For each line of the data below that holds "estimator", copy the line.

# Records for this task:
━━━━━━━━

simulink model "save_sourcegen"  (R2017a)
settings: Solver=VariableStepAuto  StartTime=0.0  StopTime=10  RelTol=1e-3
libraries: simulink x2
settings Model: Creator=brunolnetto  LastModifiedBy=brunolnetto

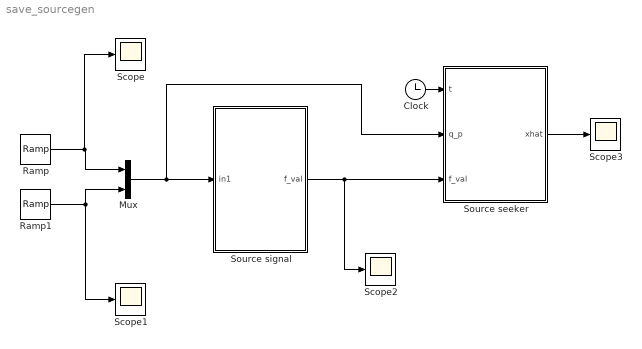
== system save_sourcegen ==
  Clock : Clock
  Mux : Mux  Inputs=2
  Ramp : simulink/Sources/Ramp  slope=-1  start=0  X0=1
  Ramp1 : simulink/Sources/Ramp  slope=-1  start=0  X0=1
  Scope{,1..3} (4 alike) : Scope
  Source seeker : Subsystem
  Source signal : MATLAB Function  TreatAsAtomicUnit=on
  wires:
  Clock/1 -> Source seeker/1(t)
  Source seeker/1(xhat) -> Scope3/1
  Mux/1 -> Source seeker/2(q_p), Source signal/1(in1)
  Ramp/1 -> Scope/1, Mux/1
  Ramp1/1 -> Scope1/1, Mux/2
  Source signal/1(f_val) -> Source seeker/3(f_val), Scope2/1

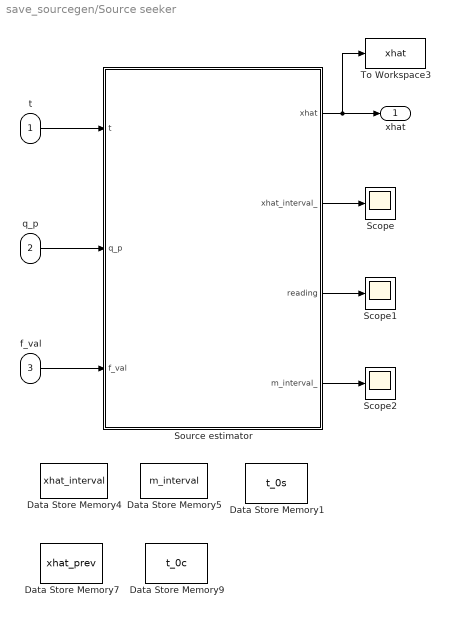
== system save_sourcegen/Source seeker ==
  t : Inport
  q_p : Inport  Port=2
  f_val : Inport  Port=3
  Data Store Memory1 : DataStoreMemory  DataStoreName=t_0s  ReadBeforeWriteMsg=warning  WriteAfterWriteMsg=warning  WriteAfterReadMsg=warning  ShowAdditionalParam=off  OutDataTypeStr=double
  Data Store Memory4 : DataStoreMemory  DataStoreName=xhat_interval  ReadBeforeWriteMsg=warning  WriteAfterWriteMsg=warning  WriteAfterReadMsg=warning  InitialValue=xhat0  ShowAdditionalParam=off  OutDataTypeStr=double  Dimensions=[2, 1]
  Data Store Memory5 : DataStoreMemory  DataStoreName=m_interval  ReadBeforeWriteMsg=warning  WriteAfterWriteMsg=warning  WriteAfterReadMsg=warning  ShowAdditionalParam=off  OutDataTypeStr=double
  Data Store Memory7 : DataStoreMemory  DataStoreName=xhat_prev  ReadBeforeWriteMsg=warning  WriteAfterWriteMsg=warning  WriteAfterReadMsg=warning  InitialValue=xhat0  ShowAdditionalParam=off  OutDataTypeStr=double
  Data Store Memory9 : DataStoreMemory  DataStoreName=t_0c  ReadBeforeWriteMsg=warning  WriteAfterWriteMsg=warning  WriteAfterReadMsg=warning  ShowAdditionalParam=off  OutDataTypeStr=double
  Scope : Scope
  Scope1 : Scope
  Scope2 : Scope
  Source estimator : MATLAB Function  TreatAsAtomicUnit=on
  To Workspace3 : ToWorkspace  VariableName=xhat  SaveFormat=Structure With Time  SampleTime=-1
  xhat : Outport
  wires:
  Source estimator/1(xhat) -> To Workspace3/1, xhat/1
  t/1 -> Source estimator/1(t)
  q_p/1 -> Source estimator/2(q_p)
  f_val/1 -> Source estimator/3(f_val)
  Source estimator/2(xhat_interval_) -> Scope/1
  Source estimator/3(reading) -> Scope1/1
  Source estimator/4(m_interval_) -> Scope2/1

== matlab function save_sourcegen/Source seeker/Source estimator ==
  data: t input; q_p input; xhat_interval data_store_memory; m_interval data_store_memory; xhat_prev data_store_memory; t_0c data_store_memory; f_val input; xhat output; xhat_interval_ output; reading output; m_interval_ output; source_params parameter; t_0s data_store_memory
function [xhat, xhat_interval_, reading, m_interval_] = ...
            source_estimation(t, q_p, f_val, source_params)
    
    global t_0c t_0s xhat_prev m_interval xhat_interval;
    
    % Source seeking parameters
    nu = source_params.nu;
    lambda = source_params.lambda;
    T_cur = source_params.T_cur;
    T_sample = source_params.T_sample;
    devval = source_params.devval;
    
    % Current position
    x_curr = q_p(1:2, 1);
    
    n = length(x_curr);
    
    % Update source estimation window
    if(t - t_0c > T_cur)
        t_0c = t;
        
        z = gaussianrnd([0; 0], devval);
        xhat_prev = xhat_interval + z;
    
    elseif(t - t_0s > T_sample)
        t_0s = t;
        
        % Barycenter along the trajectory
        e_i = exp(-nu*f_val);
        
        bary_num = lambda*m_interval*xhat_interval + x_curr*e_i;
        bary_den = lambda*m_interval + e_i;
        
        xhat_interval = bary_num/bary_den;
        m_interval = bary_den;
    
    end
    
    xhat = xhat_prev;
    xhat_interval_ = xhat_interval;
    m_interval_ = m_interval;
    reading = f_val;
end

== matlab function save_sourcegen/Source signal ==
  data: in1 input; f_val output
function f_val = source_signal(in1)

%    This function was generated by the Symbolic Math Toolbox version 7.2.

%    16-Feb-2021 18:42:54



x = in1(1,:);

y = in1(2,:);

f_val = x.^2+y.^2;

end

━━━━━━━━

# Response to this task:
  Source estimator : MATLAB Function  TreatAsAtomicUnit=on
  Source estimator/1(xhat) -> To Workspace3/1, xhat/1
  t/1 -> Source estimator/1(t)
  q_p/1 -> Source estimator/2(q_p)
  f_val/1 -> Source estimator/3(f_val)
  Source estimator/2(xhat_interval_) -> Scope/1
  Source estimator/3(reading) -> Scope1/1
  Source estimator/4(m_interval_) -> Scope2/1
== matlab function save_sourcegen/Source seeker/Source estimator ==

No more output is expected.